Sol. tan(A+B) = √3  => A+B = 60°  ...(1)

tan(A-B) = 1/√3 => A-B = 30°  ...(2)

Adding (1) and (2),

2A = 90° => A = 45°

Then from (1), 45° + B = 60° => B = 15°

4. State whether the following are true or false. Justify your answer.

(i) sin(A+B) = sinA + sinB

(ii) The value of sinθ increases as θ increases.

(iii) The value of cosθ increases as θ increases.
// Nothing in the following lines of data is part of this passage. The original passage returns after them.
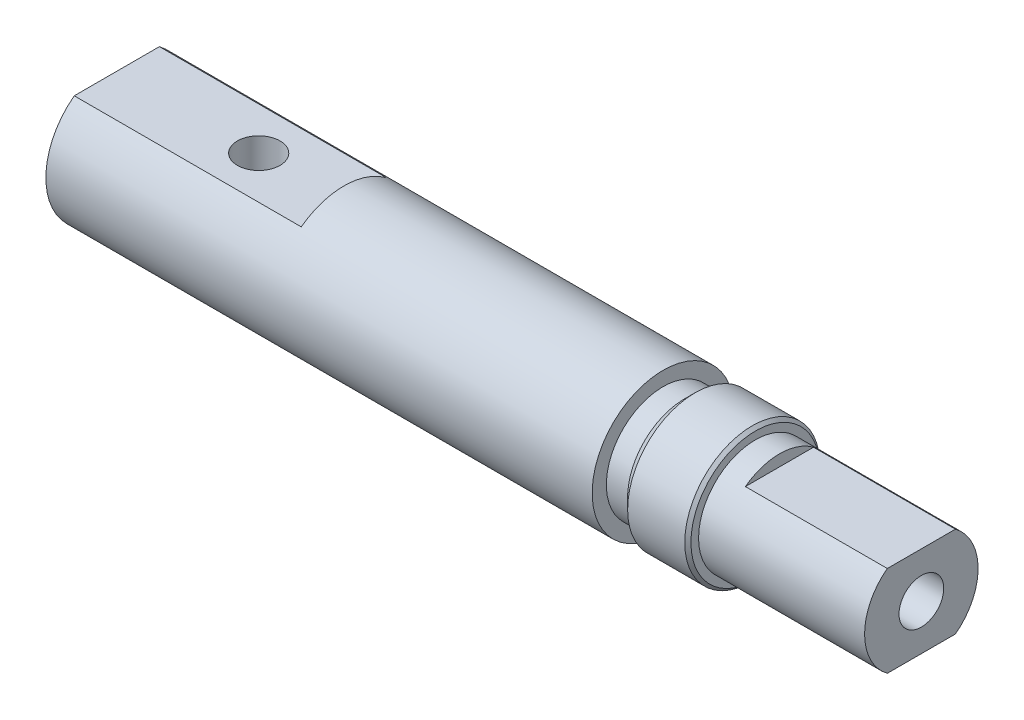
from build123d import *

# Parameters (mm, degrees)
CUT_EXTRUDE1_START               = -16
CUT_EXTRUDE1_DEPTH               = 16
F_3_0MM_DOWEL_HOLE1_D            = 3
CUT_EXTRUDE3_START               = -20
SKETCH17_R                       = 5
SKETCH17_R_2                     = 4
CUT_EXTRUDE3_DEPTH               = 1.5
CHAMFER2_SIZE                    = 1
SKETCH18_R                       = 4
CUT_EXTRUDE4_DEPTH               = 3.3
TAP_DRILL_FOR_M3_HELICOIL1_D     = 3.15
TAP_DRILL_FOR_M3_HELICOIL1_DEPTH = 10
TAP_DRILL_FOR_M3_HELICOIL1_TIP   = 0.946355475
CUT_EXTRUDE5_DEPTH               = 10
SKETCH24_R                       = 5
BOSS_EXTRUDE1_DEPTH              = 3
SKETCH26_R                       = 5
SKETCH26_R_2                     = 4.7565
CUT_EXTRUDE6_DEPTH               = 0.5


# Read off the part's stored shape, not the designer's step: M10x0.75 Machine Threads Stud1
with BuildPart() as part:
    # Sketch1 → Revolve1 (revolve)
    with BuildSketch(Plane.XY, mode=Mode.PRIVATE) as revolve1_sk:
        Polygon((0, 0), (0, 5), (45, 5), (45, 4), (60, 4), (60, 0), align=None)
    revolve(revolve1_sk.sketch.rotate(Axis((0, 0, 0), (1, 0, 0)), 90), axis=Axis((0, 0, 0), (1, 0, 0)))

    # Sketch2 → Cut-Extrude1 (cut)
    with BuildSketch(Plane.ZY.offset(CUT_EXTRUDE1_START)):
        with BuildLine():
            Line((-3, 4), (3, 4))
            ThreePointArc((3, 4), (0, 5), (-3, 4))
        make_face()
        with BuildLine():
            Line((3, -4), (-3, -4))
            ThreePointArc((-3, -4), (0, -5), (3, -4))
        make_face()
    extrude(amount=CUT_EXTRUDE1_DEPTH, mode=Mode.SUBTRACT)

    # Ø3.0mm Dowel Hole1 (through all)
    with Locations(Plane(origin=(0, 4, 0), x_dir=(1, 0, 0), z_dir=(0, 1, 0))):
        with Locations((10, 0)):
            Hole(F_3_0MM_DOWEL_HOLE1_D / 2)

    # Sketch17 → Cut-Extrude3 (cut)
    with BuildSketch(Plane(origin=(60, 0, 0), x_dir=(0, 0, -1), z_dir=(1, 0, 0)).offset(CUT_EXTRUDE3_START)):
        with Locations(Location((0, 0, 0), (0, 0, 180))):
            Circle(SKETCH17_R)
        with Locations(Location((0, 0, 0), (0, 0, 180))):
            Circle(SKETCH17_R_2, mode=Mode.SUBTRACT)
    extrude(amount=-CUT_EXTRUDE3_DEPTH, mode=Mode.SUBTRACT)

    # Chamfer2
    chamfer2_edges = [part.edges().sort_by_distance(p)[0] for p in [
        (40, 0, -5),
        (45, 0, -5),
    ]]
    chamfer(chamfer2_edges, length=CHAMFER2_SIZE - 0.0001)  # a hair under: the kernel refuses the full size

    # Sketch18 → Cut-Extrude4 (cut)
    with BuildSketch(Plane(origin=(60, 0, 0), x_dir=(0, 0, -1), z_dir=(1, 0, 0))):
        with Locations(Location((0, 0, 0), (0, 0, 180))):
            Circle(SKETCH18_R)
    extrude(amount=-CUT_EXTRUDE4_DEPTH, mode=Mode.SUBTRACT)

    # Tap Drill for M3 Helicoil1
    with Locations(Plane(origin=(56.7, 0, 0), x_dir=(0, 0, -1), z_dir=(1, 0, 0))):
        with Locations((0, 0)):
            Hole(TAP_DRILL_FOR_M3_HELICOIL1_D / 2, depth=TAP_DRILL_FOR_M3_HELICOIL1_DEPTH)
            with Locations((0, 0, -(TAP_DRILL_FOR_M3_HELICOIL1_DEPTH + TAP_DRILL_FOR_M3_HELICOIL1_TIP / 2))):  # 118° drill point
                Cone(0, TAP_DRILL_FOR_M3_HELICOIL1_D / 2, TAP_DRILL_FOR_M3_HELICOIL1_TIP, mode=Mode.SUBTRACT)

    # Sketch23 → Cut-Extrude5 (cut)
    with BuildSketch(Plane(origin=(56.7, 0, 0), x_dir=(0, 0, -1), z_dir=(1, 0, 0))):
        with BuildLine():
            ThreePointArc((2.4, 3.2), (0, 4), (-2.4, 3.2))
            Line((-2.4, 3.2), (2.4, 3.2))
        make_face()
        with BuildLine():
            Line((2.4, -3.2), (-2.4, -3.2))
            ThreePointArc((-2.4, -3.2), (0, -4), (2.4, -3.2))
        make_face()
    extrude(amount=-CUT_EXTRUDE5_DEPTH, mode=Mode.SUBTRACT)

    # Sketch24 → Boss-Extrude1 (add)
    with BuildSketch(Plane(origin=(45, 0, 0), x_dir=(0, 0, -1), z_dir=(1, 0, 0))):
        Circle(SKETCH24_R)
    extrude(amount=-BOSS_EXTRUDE1_DEPTH)

    # M10x0.75 Machine Threads Stud1 outline → M10x0.75 Machine Threads Stud1 (revolve, cut)
    with BuildSketch(Plane.YX):
        Polygon((5, 45), (4.54, 45), (4.7565, 44.7835), (4.7565, 41), (5, 41), align=None)
    revolve(axis=Axis((0, 0, 0), (1, 0, 0)), mode=Mode.SUBTRACT)

    # Sketch26 → Cut-Extrude6 (cut)
    with BuildSketch(Plane(origin=(41, 0, 0), x_dir=(0, 0, -1), z_dir=(1, 0, 0))):
        with Locations(Location((0, 0, 0), (0, 0, 126.869897646))):
            Circle(SKETCH26_R)
        with Locations(Location((0, 0, 0), (0, 0, 180))):
            Circle(SKETCH26_R_2, mode=Mode.SUBTRACT)
    extrude(amount=-CUT_EXTRUDE6_DEPTH, mode=Mode.SUBTRACT)


solid = part.part
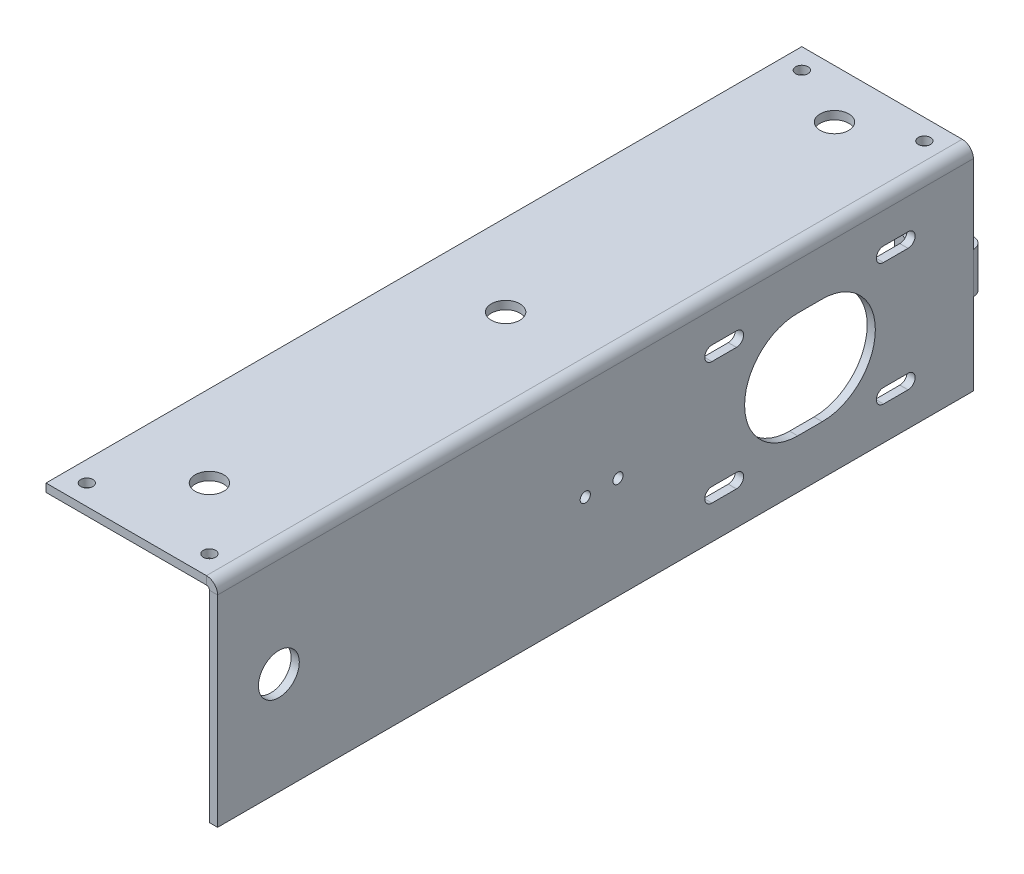
from build123d import *

# Parameters (mm, degrees)
SM_BASE_FLANGE_1_DEPTH    = 185
CUT_EXTRUDE_1_REACH       = 197.768
SKETCH_6_R                = 5
SM_EDGE_FLANGE_1_DEPTH    = 49.2634
HOLE_WIZARD_M3_2_D        = 3
CUT_EXTRUDE_START         = -2.7366
CUT_EXTRUDE_6_OUTLINE_W   = 21
CUT_EXTRUDE_6_OUTLINE_H   = 20
CUT_EXTRUDE_6_OUTLINE_H_2 = 19.2634
CUT_EXTRUDE_6_DEPTH       = 2.7366
HOLE_WIZARD_3_5_3_5_1_D   = 3.5
HOLE_WIZARD_7_0_7_1_D     = 7
HOLE_WIZARD_7_0_7_1_DEPTH = 6
HOLE_WIZARD_7_0_7_1_TIP   = 2.103012167
M3X0_5_1_D                = 2.5


# Read off the part's stored shape, not the designer's step: 除料-伸長6
# Sheet-metal steps are written as plain solids
with BuildPart() as part:
    # Sketch 1 → 基材-凸緣1 (new body)
    with BuildSketch(Plane.XY):
        with BuildLine():
            Line((0, -50), (0, -0.7366))
            ThreePointArc((0, -0.7366), (-0.215745145, -0.215745145), (-0.7366, 0))
            Line((-0.7366, 0), (-40, 0))
            Line((-40, 0), (-40, 2))
            Line((-40, 2), (-0.7366, 2))
            ThreePointArc((-0.7366, 2), (1.198468417, 1.198468417), (2, -0.7366))
            Line((2, -0.7366), (2, -50))
            Line((2, -50), (0, -50))
        make_face()
    extrude(amount=SM_BASE_FLANGE_1_DEPTH)

    # 草圖6 → 除料-伸長1 (cut, up to next)
    with BuildSketch(Plane.ZY, mode=Mode.PRIVATE) as cut_extrude_1_sk1:
        with Locations(Location((170, -25, 0), (0, 0, 270))):
            Circle(SKETCH_6_R)
    cut_extrude_1_tool1 = extrude(cut_extrude_1_sk1.sketch, amount=-CUT_EXTRUDE_1_REACH, mode=Mode.PRIVATE) & part.part
    # 草圖6 → 除料-伸長1 (cut, up to next)
    with BuildSketch(Plane.ZY, mode=Mode.PRIVATE) as cut_extrude_1_sk2:
        with BuildLine():
            Line((37, -12), (43, -12))
            ThreePointArc((43, -12), (56, -25), (43, -38))
            Line((43, -38), (37, -38))
            ThreePointArc((37, -38), (24, -25), (37, -12))
        make_face()
    cut_extrude_1_tool2 = extrude(cut_extrude_1_sk2.sketch, amount=-CUT_EXTRUDE_1_REACH, mode=Mode.PRIVATE) & part.part
    # 草圖6 → 除料-伸長1 (cut, up to next)
    with BuildSketch(Plane.ZY, mode=Mode.PRIVATE) as cut_extrude_1_sk3:
        with BuildLine():
            Line((58, -8.25), (64, -8.25))
            ThreePointArc((64, -8.25), (65.75, -10), (64, -11.75))
            Line((64, -11.75), (58, -11.75))
            ThreePointArc((58, -11.75), (56.25, -10), (58, -8.25))
        make_face()
    cut_extrude_1_tool3 = extrude(cut_extrude_1_sk3.sketch, amount=-CUT_EXTRUDE_1_REACH, mode=Mode.PRIVATE) & part.part
    # 草圖6 → 除料-伸長1 (cut, up to next)
    with BuildSketch(Plane.ZY, mode=Mode.PRIVATE) as cut_extrude_1_sk4:
        with BuildLine():
            Line((16, -8.25), (22, -8.25))
            ThreePointArc((22, -8.25), (23.75, -10), (22, -11.75))
            Line((22, -11.75), (16, -11.75))
            ThreePointArc((16, -11.75), (14.25, -10), (16, -8.25))
        make_face()
    cut_extrude_1_tool4 = extrude(cut_extrude_1_sk4.sketch, amount=-CUT_EXTRUDE_1_REACH, mode=Mode.PRIVATE) & part.part
    # 草圖6 → 除料-伸長1 (cut, up to next)
    with BuildSketch(Plane.ZY, mode=Mode.PRIVATE) as cut_extrude_1_sk5:
        with BuildLine():
            Line((16, -38.25), (22, -38.25))
            ThreePointArc((22, -38.25), (23.75, -40), (22, -41.75))
            Line((22, -41.75), (16, -41.75))
            ThreePointArc((16, -41.75), (14.25, -40), (16, -38.25))
        make_face()
    cut_extrude_1_tool5 = extrude(cut_extrude_1_sk5.sketch, amount=-CUT_EXTRUDE_1_REACH, mode=Mode.PRIVATE) & part.part
    # 草圖6 → 除料-伸長1 (cut, up to next)
    with BuildSketch(Plane.ZY, mode=Mode.PRIVATE) as cut_extrude_1_sk6:
        with BuildLine():
            Line((58, -38.25), (64, -38.25))
            ThreePointArc((64, -38.25), (65.75, -40), (64, -41.75))
            Line((64, -41.75), (58, -41.75))
            ThreePointArc((58, -41.75), (56.25, -40), (58, -38.25))
        make_face()
    cut_extrude_1_tool6 = extrude(cut_extrude_1_sk6.sketch, amount=-CUT_EXTRUDE_1_REACH, mode=Mode.PRIVATE) & part.part
    add(cut_extrude_1_tool1.solids().sort_by_distance((0, -25, 170))[0], mode=Mode.SUBTRACT)
    add(cut_extrude_1_tool2.solids().sort_by_distance((0, -25, 40))[0], mode=Mode.SUBTRACT)
    add(cut_extrude_1_tool3.solids().sort_by_distance((0, -10, 61))[0], mode=Mode.SUBTRACT)
    add(cut_extrude_1_tool4.solids().sort_by_distance((0, -10, 19))[0], mode=Mode.SUBTRACT)
    add(cut_extrude_1_tool5.solids().sort_by_distance((0, -40, 19))[0], mode=Mode.SUBTRACT)
    add(cut_extrude_1_tool6.solids().sort_by_distance((0, -40, 61))[0], mode=Mode.SUBTRACT)

    # 邊線-凸緣1 section (across the edge) → 邊線-凸緣1 (add)
    with BuildSketch(Plane(origin=(0, -0.7366, -0.7366), x_dir=(0, 0, 1), z_dir=(0, -1, 0))):
        with BuildLine():
            Line((-2, 0.7366), (-2, 18))
            Line((-2, 18), (0, 18))
            Line((0, 18), (0, 0.7366))
            ThreePointArc((0, 0.7366), (0.215745145, 0.215745145), (0.7366, 0))
            Line((0.7366, 0), (0.7366, -2))
            ThreePointArc((0.7366, -2), (-1.198468417, -1.198468417), (-2, 0.7366))
        make_face()
    extrude(amount=SM_EDGE_FLANGE_1_DEPTH)

    # M3 螺紋孔2 (through all)
    with Locations(Plane(origin=(0, 0, 0), x_dir=(-1, 0, 0), z_dir=(0, -1, 0))):
        with Locations((35, -5), (35, -180), (5, -5), (5, -180)):
            Hole(HOLE_WIZARD_M3_2_D / 2)

    # 除料-伸長6 outline → 除料-伸長6 (cut)
    with BuildSketch(Plane(origin=(0, 0, -2.7366), x_dir=(-1, 0, 0), z_dir=(0, 0, -1)).offset(CUT_EXTRUDE_START)):
        with Locations((7.5, -40)):
            Rectangle(CUT_EXTRUDE_6_OUTLINE_W, CUT_EXTRUDE_6_OUTLINE_H)
        with Locations((7.5, -10.3683)):
            Rectangle(CUT_EXTRUDE_6_OUTLINE_W, CUT_EXTRUDE_6_OUTLINE_H_2)
    extrude(amount=CUT_EXTRUDE_6_DEPTH, mode=Mode.SUBTRACT)

    # Ø3.5 (3.5) 直徑孔1 (through all)
    with Locations(Plane(origin=(0, 0, -2.7366), x_dir=(-1, 0, 0), z_dir=(0, 0, -1))):
        with Locations((15, -25)):
            Hole(HOLE_WIZARD_3_5_3_5_1_D / 2)

    # Ø7.0 (7) 直徑孔1
    with Locations(Plane(origin=(0, 0, 0), x_dir=(-1, 0, 0), z_dir=(0, -1, 0))):
        with Locations((20, -165), (20, -92.5), (20, -12)):
            Hole(HOLE_WIZARD_7_0_7_1_D / 2, depth=HOLE_WIZARD_7_0_7_1_DEPTH)
            with Locations((0, 0, -(HOLE_WIZARD_7_0_7_1_DEPTH + HOLE_WIZARD_7_0_7_1_TIP / 2))):  # 118° drill point
                Cone(0, HOLE_WIZARD_7_0_7_1_D / 2, HOLE_WIZARD_7_0_7_1_TIP, mode=Mode.SUBTRACT)

    # M3x0.5 螺紋孔1 (through all)
    with Locations(Plane(origin=(2, 0, 0), x_dir=(0, 0, -1), z_dir=(1, 0, 0))):
        with Locations((-95, -25), (-87, -25)):
            Hole(M3X0_5_1_D / 2)


solid = part.part

(iv) sinθ = cosθ for all values of θ.

(v) cotA is not defined for A = 0°.

Sol.

(i) False

When A = 60°, B = 30°

LHS = sin(A+B) = sin(60° + 30°) = sin90° = 1

RHS = sinA + sinB = sin60° + sin30° = √3/2 + 1/2 ≠ 1

i.e., LHS ≠ RHS

(ii) True

Note that sin0° = 0, sin30° = 1/2 = 0.5,

sin45° = 1/√2 = 0.7 (approx.),

sin60° = √3/2 = 0.87 (approx.)

and sin90° = 1

i.e., value of sinθ increases as θ increases from 0° to 90°.

(iii) False

Note that cos0° = 1,

cos30° = √3/2 = 0.87 (approx.)

cos45° = 1/√2 = 0.7 (approx.),

cos60° = 1/2 = 0.5 and cos90° = 0

i.e., value of cosθ decreases as θ increases from 0° to 90°.

(iv) False, it is true for only θ = 45°.

(v) True, cotA = 1/0 = not defined.

5.0Benefits of Class 10 Maths Chapter 8 Introduction to Trigonometry

• Strengthens application of trigonometric ratios in varied problems.
• Enhances logical reasoning through systematic use of trigonometric ratios.
• Develops time-management skills by solving problems efficiently under exam conditions.
• Prepares students for real-life applications like measuring heights and distances.
• Improves visualization skills for geometric figures and triangles.